De betrokkene kan dus niet zelf vragen voor behandeling in GGZ, maar er kan wel tijdig contact worden opgenomen met de OvJ om te overleggen over de meest gewenste gang van zaken. Ook ter zitting kan behandeling in de GGZ worden bepleit wanneer de OvJ forensische zorg vordert. Let wel, de rechter kan een zorgmachtiging alleen op afgeven als forensische zorg wordt afgewezen of op vordering van de OvJ.

Het is dus van belang dat uw advocaat in een strafzaak waarin sprake is van een psychische stoornis goede kennis heeft van de Wvggz.

Indicatiestelling

Het Nederlands Instituut voor Forensische Psychiatrie en Psychologie (NIFP) voert de indicatiestelling uit voor alle klinische zorg en voor verblijfszorg na klinisch verblijf. Het PMO voert de indicatiestelling uit voor ambulante zorg binnen de PI en verblijfszorg in het kader van re-integratie vanuit detentie voor justitiabelen die niet zijn veroordeeld voor ernstige geweld-en zedendelicten.

De reclassering voert de indicatiestelling uit voor alle ambulante zorg en verblijfszorg in voorwaardelijke trajecten, met uitzondering van beschermd wonen aansluitend aan een eerder geïndiceerde klinische plaatsing door NIFP.

Nadat een indicatiestelling is afgerond en plaatsingsverzoek in Ifzo is gedaan door het NIFP, wordt door DIZ de best passende zorg voor de justitiabele gezocht. Deze instelling ontvangt het plaatsingsbesluit met de indicatiestelling.

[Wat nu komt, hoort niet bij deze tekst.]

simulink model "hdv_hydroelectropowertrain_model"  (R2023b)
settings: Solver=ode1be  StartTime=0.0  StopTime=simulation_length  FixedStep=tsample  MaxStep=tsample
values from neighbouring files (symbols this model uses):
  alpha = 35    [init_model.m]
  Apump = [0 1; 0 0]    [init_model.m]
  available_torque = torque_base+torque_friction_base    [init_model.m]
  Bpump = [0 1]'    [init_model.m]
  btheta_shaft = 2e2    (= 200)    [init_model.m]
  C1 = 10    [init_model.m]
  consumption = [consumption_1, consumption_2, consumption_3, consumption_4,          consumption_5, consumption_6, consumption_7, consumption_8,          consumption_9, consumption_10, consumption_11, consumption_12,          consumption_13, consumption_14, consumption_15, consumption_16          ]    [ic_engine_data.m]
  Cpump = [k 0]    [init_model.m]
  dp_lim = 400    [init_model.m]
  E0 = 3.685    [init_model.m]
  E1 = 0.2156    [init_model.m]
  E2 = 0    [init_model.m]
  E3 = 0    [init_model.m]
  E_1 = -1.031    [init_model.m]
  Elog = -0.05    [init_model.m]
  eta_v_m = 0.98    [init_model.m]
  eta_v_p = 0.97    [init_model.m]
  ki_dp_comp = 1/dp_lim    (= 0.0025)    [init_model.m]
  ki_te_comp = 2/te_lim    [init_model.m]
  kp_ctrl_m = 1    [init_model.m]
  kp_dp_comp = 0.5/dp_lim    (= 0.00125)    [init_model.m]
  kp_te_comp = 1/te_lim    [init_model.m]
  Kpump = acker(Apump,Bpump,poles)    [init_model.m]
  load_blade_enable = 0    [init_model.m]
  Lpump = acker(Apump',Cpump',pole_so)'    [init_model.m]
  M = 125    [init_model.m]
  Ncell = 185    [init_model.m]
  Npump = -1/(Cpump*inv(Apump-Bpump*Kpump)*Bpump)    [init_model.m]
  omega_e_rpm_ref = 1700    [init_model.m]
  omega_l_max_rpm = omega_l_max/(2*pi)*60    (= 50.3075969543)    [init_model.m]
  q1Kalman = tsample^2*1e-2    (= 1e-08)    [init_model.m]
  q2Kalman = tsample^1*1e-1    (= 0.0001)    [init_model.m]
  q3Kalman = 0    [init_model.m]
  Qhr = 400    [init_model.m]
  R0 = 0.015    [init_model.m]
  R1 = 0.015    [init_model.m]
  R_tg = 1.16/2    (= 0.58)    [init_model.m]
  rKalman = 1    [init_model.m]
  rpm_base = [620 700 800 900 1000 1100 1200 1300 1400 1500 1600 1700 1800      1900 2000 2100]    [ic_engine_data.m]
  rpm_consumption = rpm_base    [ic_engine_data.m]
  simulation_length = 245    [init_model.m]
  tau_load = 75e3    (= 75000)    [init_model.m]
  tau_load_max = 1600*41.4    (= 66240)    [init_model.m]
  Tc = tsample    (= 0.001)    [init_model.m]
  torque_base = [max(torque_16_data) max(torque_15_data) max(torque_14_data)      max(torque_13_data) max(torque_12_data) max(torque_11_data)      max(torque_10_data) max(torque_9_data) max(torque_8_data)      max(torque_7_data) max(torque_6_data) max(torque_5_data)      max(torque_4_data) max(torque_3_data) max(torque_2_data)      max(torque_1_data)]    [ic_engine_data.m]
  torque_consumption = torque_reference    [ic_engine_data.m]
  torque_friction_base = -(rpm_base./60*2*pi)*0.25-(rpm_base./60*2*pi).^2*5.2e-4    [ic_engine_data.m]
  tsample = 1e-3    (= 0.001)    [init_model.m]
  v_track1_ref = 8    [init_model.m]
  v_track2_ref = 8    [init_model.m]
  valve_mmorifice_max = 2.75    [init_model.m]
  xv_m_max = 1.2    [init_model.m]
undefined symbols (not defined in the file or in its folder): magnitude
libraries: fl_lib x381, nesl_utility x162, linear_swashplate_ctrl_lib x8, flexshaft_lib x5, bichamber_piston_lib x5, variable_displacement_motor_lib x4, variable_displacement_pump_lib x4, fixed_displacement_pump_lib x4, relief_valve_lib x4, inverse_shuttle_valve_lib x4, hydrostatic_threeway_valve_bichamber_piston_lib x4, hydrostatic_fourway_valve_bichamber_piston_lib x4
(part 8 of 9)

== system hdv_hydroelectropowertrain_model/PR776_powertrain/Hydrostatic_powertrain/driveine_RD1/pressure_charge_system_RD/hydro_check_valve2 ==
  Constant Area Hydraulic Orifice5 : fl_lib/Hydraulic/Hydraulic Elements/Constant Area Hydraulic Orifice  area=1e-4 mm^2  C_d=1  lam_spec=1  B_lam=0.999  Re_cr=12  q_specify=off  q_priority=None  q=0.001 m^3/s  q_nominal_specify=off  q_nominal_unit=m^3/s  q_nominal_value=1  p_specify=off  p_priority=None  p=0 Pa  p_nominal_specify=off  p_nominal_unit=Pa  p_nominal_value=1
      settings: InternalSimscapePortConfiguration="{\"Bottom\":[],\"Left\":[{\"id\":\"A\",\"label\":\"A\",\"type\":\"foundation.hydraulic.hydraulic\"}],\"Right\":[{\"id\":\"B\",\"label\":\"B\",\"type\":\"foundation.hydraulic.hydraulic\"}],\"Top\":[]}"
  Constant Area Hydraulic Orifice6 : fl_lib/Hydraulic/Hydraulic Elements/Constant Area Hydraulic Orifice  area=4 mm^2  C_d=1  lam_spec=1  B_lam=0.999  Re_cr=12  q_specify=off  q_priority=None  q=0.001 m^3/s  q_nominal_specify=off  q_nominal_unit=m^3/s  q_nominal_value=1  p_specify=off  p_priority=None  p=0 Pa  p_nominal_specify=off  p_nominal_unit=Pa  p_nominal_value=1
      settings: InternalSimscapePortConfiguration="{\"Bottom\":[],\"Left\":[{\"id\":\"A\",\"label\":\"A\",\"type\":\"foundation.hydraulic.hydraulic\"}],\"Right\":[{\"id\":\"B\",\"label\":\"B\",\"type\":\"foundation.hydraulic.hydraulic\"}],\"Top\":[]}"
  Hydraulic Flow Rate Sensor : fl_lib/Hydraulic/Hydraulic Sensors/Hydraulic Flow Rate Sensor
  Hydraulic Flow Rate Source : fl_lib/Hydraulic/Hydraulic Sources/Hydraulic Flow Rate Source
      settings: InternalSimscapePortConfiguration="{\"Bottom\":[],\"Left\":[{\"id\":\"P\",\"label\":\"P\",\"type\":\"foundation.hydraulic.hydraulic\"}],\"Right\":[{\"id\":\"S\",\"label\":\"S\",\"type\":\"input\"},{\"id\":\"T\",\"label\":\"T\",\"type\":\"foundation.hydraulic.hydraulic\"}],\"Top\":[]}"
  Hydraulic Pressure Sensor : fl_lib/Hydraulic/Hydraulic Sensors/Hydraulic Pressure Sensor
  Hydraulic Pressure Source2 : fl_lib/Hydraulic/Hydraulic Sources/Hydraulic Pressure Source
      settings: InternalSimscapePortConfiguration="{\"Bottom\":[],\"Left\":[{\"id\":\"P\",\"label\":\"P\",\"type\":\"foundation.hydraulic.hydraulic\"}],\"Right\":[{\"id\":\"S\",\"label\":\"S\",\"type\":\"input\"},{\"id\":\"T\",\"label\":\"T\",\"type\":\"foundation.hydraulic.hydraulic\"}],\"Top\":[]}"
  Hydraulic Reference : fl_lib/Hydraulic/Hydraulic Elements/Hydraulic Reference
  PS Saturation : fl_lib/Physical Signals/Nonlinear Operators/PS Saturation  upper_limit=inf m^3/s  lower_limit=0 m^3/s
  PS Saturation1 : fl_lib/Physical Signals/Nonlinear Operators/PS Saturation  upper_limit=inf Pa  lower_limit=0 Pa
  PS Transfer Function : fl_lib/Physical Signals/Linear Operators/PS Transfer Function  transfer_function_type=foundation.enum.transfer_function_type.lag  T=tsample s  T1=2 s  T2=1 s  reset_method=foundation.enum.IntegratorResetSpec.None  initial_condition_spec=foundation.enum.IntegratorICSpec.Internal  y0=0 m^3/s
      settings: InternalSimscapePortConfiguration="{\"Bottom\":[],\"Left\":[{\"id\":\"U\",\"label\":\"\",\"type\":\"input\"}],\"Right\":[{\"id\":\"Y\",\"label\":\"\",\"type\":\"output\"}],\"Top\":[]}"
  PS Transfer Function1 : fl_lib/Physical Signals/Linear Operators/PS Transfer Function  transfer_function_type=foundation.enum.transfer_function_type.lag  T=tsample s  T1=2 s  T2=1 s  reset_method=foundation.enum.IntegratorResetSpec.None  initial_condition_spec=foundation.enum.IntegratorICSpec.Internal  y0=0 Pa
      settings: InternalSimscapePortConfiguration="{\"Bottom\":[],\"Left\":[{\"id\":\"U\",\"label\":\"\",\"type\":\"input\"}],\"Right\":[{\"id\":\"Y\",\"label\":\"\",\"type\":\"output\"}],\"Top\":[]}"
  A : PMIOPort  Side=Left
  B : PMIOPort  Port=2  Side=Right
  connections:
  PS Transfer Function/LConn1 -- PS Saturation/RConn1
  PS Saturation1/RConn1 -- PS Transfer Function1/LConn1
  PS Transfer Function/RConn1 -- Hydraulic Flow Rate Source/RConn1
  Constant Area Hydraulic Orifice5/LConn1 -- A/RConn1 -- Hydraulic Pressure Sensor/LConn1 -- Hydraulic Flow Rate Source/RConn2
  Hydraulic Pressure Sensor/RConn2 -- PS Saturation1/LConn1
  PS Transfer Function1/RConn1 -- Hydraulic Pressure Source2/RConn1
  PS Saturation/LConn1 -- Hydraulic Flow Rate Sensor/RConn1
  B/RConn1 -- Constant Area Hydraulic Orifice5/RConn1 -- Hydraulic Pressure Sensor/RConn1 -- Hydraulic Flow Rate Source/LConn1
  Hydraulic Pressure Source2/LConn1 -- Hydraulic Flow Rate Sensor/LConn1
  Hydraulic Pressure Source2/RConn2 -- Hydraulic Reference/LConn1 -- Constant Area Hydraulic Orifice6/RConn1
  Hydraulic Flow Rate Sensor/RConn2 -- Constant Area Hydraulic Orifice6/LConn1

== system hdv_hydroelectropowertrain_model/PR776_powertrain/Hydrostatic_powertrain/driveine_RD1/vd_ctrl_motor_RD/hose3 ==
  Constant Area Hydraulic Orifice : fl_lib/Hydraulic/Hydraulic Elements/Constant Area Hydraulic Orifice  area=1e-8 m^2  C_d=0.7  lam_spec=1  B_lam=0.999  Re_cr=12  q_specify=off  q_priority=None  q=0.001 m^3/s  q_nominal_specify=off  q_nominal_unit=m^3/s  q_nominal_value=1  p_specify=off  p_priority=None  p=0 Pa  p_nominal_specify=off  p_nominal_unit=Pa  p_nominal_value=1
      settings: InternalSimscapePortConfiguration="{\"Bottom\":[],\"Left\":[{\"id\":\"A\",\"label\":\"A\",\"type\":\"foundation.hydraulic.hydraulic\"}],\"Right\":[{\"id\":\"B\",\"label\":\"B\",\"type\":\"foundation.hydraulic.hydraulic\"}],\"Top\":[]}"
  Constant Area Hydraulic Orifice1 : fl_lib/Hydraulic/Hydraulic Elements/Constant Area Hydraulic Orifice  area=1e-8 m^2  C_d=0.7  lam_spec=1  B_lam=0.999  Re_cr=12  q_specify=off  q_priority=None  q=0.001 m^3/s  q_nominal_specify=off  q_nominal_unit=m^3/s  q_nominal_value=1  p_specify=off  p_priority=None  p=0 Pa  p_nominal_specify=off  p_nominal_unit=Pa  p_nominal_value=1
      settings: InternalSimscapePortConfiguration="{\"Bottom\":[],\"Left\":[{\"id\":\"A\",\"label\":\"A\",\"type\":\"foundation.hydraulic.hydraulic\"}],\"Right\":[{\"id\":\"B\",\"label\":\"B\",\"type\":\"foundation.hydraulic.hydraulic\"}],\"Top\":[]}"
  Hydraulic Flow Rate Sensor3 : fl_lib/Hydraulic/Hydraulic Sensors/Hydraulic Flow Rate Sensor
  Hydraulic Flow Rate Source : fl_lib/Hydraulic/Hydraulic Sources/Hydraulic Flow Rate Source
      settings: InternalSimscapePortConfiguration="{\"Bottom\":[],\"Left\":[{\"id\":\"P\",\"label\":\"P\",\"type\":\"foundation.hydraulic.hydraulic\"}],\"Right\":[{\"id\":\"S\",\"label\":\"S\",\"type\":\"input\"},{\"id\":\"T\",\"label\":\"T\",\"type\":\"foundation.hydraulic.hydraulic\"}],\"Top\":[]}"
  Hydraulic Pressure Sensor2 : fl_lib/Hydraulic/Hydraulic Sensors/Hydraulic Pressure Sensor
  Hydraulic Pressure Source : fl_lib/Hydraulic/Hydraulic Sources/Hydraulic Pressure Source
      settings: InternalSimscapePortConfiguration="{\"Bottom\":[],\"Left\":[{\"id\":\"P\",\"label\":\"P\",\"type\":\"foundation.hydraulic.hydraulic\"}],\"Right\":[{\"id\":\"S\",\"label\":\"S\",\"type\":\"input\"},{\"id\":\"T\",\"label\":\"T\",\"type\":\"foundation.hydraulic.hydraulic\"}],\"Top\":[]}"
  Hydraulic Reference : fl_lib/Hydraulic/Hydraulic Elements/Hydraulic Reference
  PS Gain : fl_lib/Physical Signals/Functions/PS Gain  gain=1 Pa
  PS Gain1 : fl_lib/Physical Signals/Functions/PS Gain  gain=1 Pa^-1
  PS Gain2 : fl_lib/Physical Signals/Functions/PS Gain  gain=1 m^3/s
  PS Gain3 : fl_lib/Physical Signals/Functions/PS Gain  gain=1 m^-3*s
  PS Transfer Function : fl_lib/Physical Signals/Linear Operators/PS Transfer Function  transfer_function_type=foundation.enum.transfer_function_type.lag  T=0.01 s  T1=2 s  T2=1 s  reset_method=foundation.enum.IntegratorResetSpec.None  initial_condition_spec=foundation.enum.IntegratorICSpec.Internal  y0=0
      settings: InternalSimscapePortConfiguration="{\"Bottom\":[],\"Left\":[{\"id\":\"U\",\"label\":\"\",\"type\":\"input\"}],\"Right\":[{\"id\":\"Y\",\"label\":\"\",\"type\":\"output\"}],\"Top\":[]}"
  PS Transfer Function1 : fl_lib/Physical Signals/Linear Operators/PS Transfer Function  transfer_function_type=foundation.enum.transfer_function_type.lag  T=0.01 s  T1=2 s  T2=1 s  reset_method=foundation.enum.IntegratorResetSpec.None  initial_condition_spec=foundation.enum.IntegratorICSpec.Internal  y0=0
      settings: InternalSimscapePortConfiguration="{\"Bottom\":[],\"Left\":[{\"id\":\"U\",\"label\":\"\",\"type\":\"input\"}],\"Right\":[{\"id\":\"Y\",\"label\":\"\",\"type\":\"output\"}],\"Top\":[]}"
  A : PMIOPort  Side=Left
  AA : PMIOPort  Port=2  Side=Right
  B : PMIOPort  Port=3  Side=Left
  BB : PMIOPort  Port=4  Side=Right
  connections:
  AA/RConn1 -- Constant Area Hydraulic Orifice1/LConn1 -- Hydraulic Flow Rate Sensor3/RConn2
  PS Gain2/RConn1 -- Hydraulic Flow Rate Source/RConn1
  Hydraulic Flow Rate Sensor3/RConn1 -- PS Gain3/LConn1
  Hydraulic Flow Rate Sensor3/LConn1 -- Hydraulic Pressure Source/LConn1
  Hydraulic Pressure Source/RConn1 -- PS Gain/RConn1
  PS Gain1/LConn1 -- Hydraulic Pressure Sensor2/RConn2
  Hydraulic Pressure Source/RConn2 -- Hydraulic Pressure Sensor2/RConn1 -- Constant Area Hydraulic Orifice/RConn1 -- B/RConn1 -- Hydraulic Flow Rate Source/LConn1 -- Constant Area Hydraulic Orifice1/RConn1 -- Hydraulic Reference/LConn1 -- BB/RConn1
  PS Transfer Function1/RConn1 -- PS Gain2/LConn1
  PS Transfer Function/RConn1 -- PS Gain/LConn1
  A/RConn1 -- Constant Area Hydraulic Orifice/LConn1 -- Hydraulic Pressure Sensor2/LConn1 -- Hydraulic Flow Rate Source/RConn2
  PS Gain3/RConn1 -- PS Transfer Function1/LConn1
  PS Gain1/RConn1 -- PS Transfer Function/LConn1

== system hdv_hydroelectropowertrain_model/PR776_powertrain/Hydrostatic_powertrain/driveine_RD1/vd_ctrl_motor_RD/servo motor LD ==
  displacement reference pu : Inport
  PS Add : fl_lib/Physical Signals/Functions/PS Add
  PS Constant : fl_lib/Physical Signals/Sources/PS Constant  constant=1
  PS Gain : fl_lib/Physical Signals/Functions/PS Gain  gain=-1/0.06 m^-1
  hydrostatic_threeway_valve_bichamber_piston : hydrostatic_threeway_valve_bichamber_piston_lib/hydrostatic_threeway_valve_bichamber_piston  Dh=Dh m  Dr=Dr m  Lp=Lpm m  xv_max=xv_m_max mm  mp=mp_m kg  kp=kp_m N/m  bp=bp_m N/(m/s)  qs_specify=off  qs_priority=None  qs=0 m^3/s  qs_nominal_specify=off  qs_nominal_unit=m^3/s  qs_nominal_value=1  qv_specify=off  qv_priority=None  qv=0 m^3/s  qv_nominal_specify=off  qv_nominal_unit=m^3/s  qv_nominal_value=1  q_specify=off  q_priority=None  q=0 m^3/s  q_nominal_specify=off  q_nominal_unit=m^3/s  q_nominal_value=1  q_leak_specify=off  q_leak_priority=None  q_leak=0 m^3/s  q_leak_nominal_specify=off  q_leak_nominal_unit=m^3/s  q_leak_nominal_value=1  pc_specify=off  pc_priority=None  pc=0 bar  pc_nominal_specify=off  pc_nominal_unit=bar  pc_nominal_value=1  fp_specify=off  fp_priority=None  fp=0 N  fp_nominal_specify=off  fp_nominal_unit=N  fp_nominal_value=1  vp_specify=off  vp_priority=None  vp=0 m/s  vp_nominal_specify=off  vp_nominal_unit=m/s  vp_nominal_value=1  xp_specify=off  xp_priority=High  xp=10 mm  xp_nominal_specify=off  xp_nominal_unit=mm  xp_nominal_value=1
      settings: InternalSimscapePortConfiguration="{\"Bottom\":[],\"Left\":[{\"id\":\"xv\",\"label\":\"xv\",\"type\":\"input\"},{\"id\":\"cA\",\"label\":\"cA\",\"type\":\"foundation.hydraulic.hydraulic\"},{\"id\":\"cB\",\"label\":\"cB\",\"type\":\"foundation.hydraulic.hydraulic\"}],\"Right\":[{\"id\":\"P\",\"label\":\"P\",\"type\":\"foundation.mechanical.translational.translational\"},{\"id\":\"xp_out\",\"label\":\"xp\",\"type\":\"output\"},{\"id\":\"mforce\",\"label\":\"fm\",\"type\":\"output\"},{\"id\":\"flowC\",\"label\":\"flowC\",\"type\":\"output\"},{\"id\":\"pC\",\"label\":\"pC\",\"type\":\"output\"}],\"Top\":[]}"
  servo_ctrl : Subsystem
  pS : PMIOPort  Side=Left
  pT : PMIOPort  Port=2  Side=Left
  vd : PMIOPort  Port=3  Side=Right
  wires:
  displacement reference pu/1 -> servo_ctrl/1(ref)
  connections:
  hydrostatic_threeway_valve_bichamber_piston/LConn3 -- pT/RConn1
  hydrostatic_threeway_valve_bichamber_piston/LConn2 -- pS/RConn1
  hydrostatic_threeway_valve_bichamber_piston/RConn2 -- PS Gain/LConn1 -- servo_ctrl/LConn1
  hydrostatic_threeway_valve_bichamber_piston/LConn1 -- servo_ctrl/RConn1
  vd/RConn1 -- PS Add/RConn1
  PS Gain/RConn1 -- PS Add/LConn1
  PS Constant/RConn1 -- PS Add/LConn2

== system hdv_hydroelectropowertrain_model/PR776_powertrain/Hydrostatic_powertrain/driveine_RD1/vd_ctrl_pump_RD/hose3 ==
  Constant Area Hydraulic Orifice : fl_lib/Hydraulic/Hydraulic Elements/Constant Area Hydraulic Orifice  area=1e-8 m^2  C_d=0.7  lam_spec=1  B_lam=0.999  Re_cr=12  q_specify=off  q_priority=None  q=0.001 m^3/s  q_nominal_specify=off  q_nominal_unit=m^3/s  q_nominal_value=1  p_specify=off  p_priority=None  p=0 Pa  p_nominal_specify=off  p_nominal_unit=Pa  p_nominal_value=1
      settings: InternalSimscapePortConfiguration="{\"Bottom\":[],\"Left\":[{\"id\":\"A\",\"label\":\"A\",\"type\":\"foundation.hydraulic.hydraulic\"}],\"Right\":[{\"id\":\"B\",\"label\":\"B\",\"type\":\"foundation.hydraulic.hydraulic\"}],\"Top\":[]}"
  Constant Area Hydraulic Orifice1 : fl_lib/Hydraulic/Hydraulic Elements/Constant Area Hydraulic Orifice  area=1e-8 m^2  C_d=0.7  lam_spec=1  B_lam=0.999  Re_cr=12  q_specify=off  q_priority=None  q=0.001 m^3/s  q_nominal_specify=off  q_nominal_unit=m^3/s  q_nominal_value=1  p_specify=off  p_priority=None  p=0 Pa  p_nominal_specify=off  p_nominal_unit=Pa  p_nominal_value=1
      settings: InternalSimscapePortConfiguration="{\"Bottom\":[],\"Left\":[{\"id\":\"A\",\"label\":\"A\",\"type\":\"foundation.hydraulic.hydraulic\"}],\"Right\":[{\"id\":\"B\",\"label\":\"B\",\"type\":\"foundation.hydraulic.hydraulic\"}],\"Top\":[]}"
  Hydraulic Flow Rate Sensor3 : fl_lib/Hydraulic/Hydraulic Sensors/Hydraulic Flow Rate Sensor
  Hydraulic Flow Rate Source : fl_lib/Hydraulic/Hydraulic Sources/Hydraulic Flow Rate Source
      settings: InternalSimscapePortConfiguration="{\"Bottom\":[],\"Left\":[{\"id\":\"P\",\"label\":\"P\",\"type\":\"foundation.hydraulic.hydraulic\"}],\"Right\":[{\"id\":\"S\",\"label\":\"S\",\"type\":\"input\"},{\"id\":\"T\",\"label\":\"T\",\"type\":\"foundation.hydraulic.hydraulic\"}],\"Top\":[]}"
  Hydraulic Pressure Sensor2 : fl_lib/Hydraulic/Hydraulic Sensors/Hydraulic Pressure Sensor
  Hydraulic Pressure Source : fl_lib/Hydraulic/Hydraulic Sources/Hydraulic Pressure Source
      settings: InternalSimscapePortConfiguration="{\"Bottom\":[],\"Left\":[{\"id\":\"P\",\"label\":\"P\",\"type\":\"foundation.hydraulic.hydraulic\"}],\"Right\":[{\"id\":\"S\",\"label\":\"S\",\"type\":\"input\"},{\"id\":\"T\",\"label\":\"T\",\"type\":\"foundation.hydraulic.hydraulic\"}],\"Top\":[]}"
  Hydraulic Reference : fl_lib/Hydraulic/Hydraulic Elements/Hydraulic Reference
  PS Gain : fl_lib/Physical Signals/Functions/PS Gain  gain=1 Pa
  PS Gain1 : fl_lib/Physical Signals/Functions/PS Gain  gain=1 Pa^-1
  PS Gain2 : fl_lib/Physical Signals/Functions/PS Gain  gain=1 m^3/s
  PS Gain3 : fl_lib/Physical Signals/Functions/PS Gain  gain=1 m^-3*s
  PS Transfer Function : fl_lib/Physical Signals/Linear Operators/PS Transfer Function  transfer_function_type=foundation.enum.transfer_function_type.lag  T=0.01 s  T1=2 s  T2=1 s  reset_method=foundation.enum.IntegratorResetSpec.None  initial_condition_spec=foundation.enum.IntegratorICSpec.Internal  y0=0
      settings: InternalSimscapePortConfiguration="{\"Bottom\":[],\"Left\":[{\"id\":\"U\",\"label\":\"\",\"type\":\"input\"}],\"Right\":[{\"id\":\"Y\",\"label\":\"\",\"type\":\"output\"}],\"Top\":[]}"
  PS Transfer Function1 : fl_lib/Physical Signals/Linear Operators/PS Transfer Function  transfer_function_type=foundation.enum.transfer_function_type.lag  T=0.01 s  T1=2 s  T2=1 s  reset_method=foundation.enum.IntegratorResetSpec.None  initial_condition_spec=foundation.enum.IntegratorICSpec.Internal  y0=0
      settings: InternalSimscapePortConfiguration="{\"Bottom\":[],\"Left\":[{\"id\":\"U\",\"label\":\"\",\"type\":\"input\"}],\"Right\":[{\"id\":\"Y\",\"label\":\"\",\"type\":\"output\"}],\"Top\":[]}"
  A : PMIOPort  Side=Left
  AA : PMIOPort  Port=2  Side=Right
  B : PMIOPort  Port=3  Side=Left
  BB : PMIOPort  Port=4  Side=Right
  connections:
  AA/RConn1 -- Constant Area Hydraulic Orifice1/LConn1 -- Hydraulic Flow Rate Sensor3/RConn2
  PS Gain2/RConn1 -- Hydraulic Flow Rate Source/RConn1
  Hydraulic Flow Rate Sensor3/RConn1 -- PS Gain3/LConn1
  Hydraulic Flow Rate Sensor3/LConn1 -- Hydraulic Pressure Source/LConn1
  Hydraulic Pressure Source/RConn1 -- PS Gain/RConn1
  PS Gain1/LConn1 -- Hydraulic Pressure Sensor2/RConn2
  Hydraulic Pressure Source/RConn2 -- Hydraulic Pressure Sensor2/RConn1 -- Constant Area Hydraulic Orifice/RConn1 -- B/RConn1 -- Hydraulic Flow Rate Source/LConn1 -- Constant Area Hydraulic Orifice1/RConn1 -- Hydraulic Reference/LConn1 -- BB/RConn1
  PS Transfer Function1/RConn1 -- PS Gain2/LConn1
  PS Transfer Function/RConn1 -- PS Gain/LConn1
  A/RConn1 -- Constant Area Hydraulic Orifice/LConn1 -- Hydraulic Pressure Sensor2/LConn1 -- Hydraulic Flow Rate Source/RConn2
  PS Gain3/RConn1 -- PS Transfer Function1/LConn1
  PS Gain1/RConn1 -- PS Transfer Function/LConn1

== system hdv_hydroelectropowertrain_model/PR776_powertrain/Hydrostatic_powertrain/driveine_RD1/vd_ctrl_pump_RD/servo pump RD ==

De zorgaanbieder heeft vervolgens vijf werkdagen om justitiabele te accepteren en dit terug te koppelen aan de plaatsende instantie.

Wanneer eindigt de zorg?

De forensische zorg eindigt uiterlijk als de strafrechtelijke titel is geëindigd. Zorgaanbieders hebben hier een inspanningsverplichting indien de zorgaanbieder en/of de justitiabele na afloop van het strafrechtelijke kader vinden dat voortzetting van de zorg nodig is:

  • kan de reclassering een wijziging van de bijzondere voorwaarden aanvragen bij de OvJ als de proeftijd nog niet is verlopen;
  • dient de zorgaanbieder op tijd een indicatie aan te vragen bij CIZ of de gemeente bij afloop van de forensische zorgtitel. Dit dient zes weken voor afloop van de titel te gebeuren;
  • dient een verwijzing door een wettelijk verwijzer te worden aangevraagd voor zorg in het kader van de Zvw;
  • kan een zorgmachtiging op grond van de Wvggz worden aangevraagd door de OvJ.

Wanneer een zorgmachtiging wordt aangevraagd geldt de Wvggz. De betrokkene heeft dan ook recht op toevoeging van een advocaat. Er volgt dan een aparte procedure.